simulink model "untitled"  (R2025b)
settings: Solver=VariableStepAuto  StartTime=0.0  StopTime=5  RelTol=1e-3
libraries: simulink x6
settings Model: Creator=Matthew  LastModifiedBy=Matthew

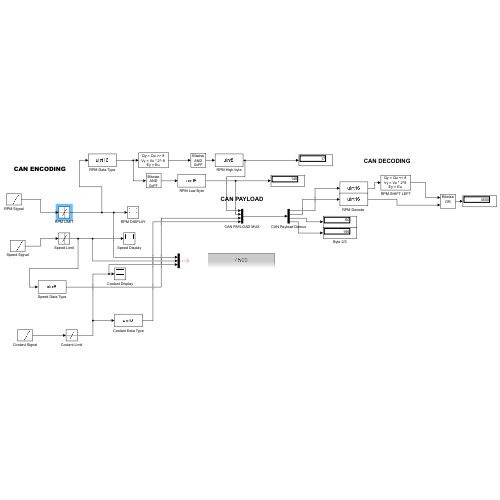
[thumbnail: Simulink's stored preview of the top-level diagram]
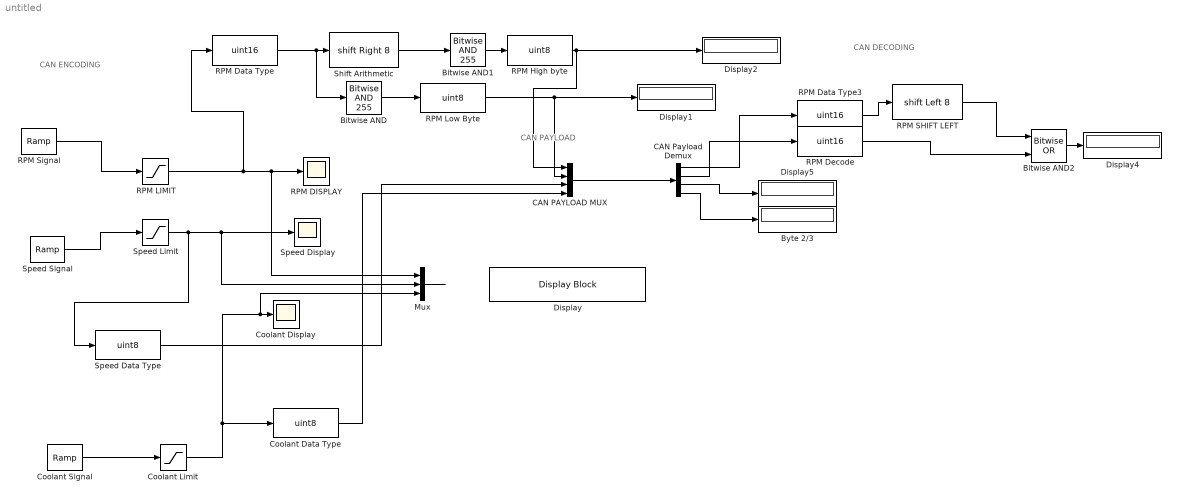
== system untitled ==
  note: CAN DECODING
  note: CAN PAYLOAD
  note: CAN ENCODING
  Bitwise AND : simulink/Logic and Bit Operations/Bitwise Operator  logicop=AND  UseBitMask=on  BitMask=255  BitMaskRealWorld=Stored Integer
      settings: LibrarySourceBlock=|
      | simulink/Quick Insert/Logic and Bit
      | Operations/Bitwise AND
  Bitwise AND1 : simulink/Logic and Bit Operations/Bitwise Operator  logicop=AND  UseBitMask=on  BitMask=255  BitMaskRealWorld=Stored Integer
      settings: LibrarySourceBlock=|
      | simulink/Quick Insert/Logic and Bit
      | Operations/Bitwise AND
  Bitwise AND2 : simulink/Logic and Bit Operations/Bitwise Operator  logicop=OR  UseBitMask=off  NumInputPorts=2  BitMask=255  BitMaskRealWorld=Stored Integer
      settings: LibrarySourceBlock=|
      | simulink/Quick Insert/Logic and Bit
      | Operations/Bitwise AND
  Byte 2/3 : Display
  CAN PAYLOAD MUX : Mux
  CAN Payload Demux : Demux
  Coolant Data Type : DataTypeConversion  OutDataTypeStr=uint8  SaturateOnIntegerOverflow=off  RndMeth=Floor  LockScale=on
  Coolant Display : Scope
      settings: ActiveDisplayYMinimum=142.94701081949898  ActiveDisplayYMaximum=374.47201081949891  DataLoggingVariableName=ScopeData2
  Coolant Limit : Saturate  UpperLimit=195  LowerLimit=170
  Coolant Signal : simulink/Sources/Ramp  slope=5  start=0  InitialOutput=170
  Display : DisplayBlock  LabelPosition=Hide  Transparency=1  GridColor=[0.502, 0.502, 0.502]
  Display{1..2,4..5} (4 alike) : Display
  Mux : Mux  Inputs=3
  RPM DISPLAY : Scope
      settings: ActiveDisplayYMinimum=582.655199749096  ActiveDisplayYMaximum=1990.6529421740311
  RPM Data Type : DataTypeConversion  OutDataTypeStr=uint16  SaturateOnIntegerOverflow=off  RndMeth=Floor  LockScale=on
  RPM Data Type3 : DataTypeConversion  OutDataTypeStr=uint16  SaturateOnIntegerOverflow=off  RndMeth=Floor  LockScale=on
  "RPM Decode " : DataTypeConversion  OutDataTypeStr=uint16  SaturateOnIntegerOverflow=off  RndMeth=Floor  LockScale=on
  RPM High byte : DataTypeConversion  OutDataTypeStr=uint8  SaturateOnIntegerOverflow=off  RndMeth=Floor  LockScale=on
  RPM LIMIT : Saturate  UpperLimit=4500  LowerLimit=900
  RPM Low Byte : DataTypeConversion  OutDataTypeStr=uint8  SaturateOnIntegerOverflow=off  RndMeth=Floor  LockScale=on
  RPM SHIFT LEFT : ArithShift  BitShiftNumber=8  BitShiftDirection=Left
  RPM Signal : simulink/Sources/Ramp  slope=800  start=0  InitialOutput=900
  Shift Arithmetic : ArithShift  BitShiftNumber=8  BitShiftDirection=Right
  Speed Data Type : DataTypeConversion  OutDataTypeStr=uint8  SaturateOnIntegerOverflow=off  RndMeth=Floor  LockScale=on
  Speed Display : Scope
      settings: ActiveDisplayYMinimum=-197.85214695929011  ActiveDisplayYMaximum=283.47169977892906
  Speed Limit : Saturate  UpperLimit=60  LowerLimit=0
  Speed Signal : simulink/Sources/Ramp  slope=12  start=0  InitialOutput=0
  wires:
  RPM LIMIT/1 -> RPM Data Type/1, RPM DISPLAY/1, Mux/1
  RPM Signal/1 -> RPM LIMIT/1
  Speed Signal/1 -> Speed Limit/1
  Speed Limit/1 -> Speed Data Type/1, Mux/2, Speed Display/1
  Coolant Signal/1 -> Coolant Limit/1
  Coolant Limit/1 -> Mux/3, Coolant Display/1, Coolant Data Type/1
  Mux/1 -> ?
  RPM Data Type/1 -> Bitwise AND/1, Shift Arithmetic/1
  Shift Arithmetic/1 -> Bitwise AND1/1
  Bitwise AND/1 -> RPM Low Byte/1
  Bitwise AND1/1 -> RPM High byte/1
  RPM Low Byte/1 -> CAN PAYLOAD MUX/2, Display1/1
  RPM High byte/1 -> CAN PAYLOAD MUX/1, Display2/1
  CAN PAYLOAD MUX/1 -> CAN Payload Demux/1
  CAN Payload Demux/3 -> Display5/1
  CAN Payload Demux/4 -> Byte 2/3/1
  Speed Data Type/1 -> CAN PAYLOAD MUX/3
  Coolant Data Type/1 -> CAN PAYLOAD MUX/4
  RPM Data Type3/1 -> RPM SHIFT LEFT/1
  Bitwise AND2/1 -> Display4/1
  CAN Payload Demux/1 -> RPM Data Type3/1
  CAN Payload Demux/2 -> "RPM Decode "/1
  RPM SHIFT LEFT/1 -> Bitwise AND2/1
  "RPM Decode "/1 -> Bitwise AND2/2

*WORK ITEM:*
Show the lines where the word "UpperLimit" appears in the entries.

*ANSWER TO THIS TASK:*
  Coolant Limit : Saturate  UpperLimit=195  LowerLimit=170
  RPM LIMIT : Saturate  UpperLimit=4500  LowerLimit=900
  Speed Limit : Saturate  UpperLimit=60  LowerLimit=0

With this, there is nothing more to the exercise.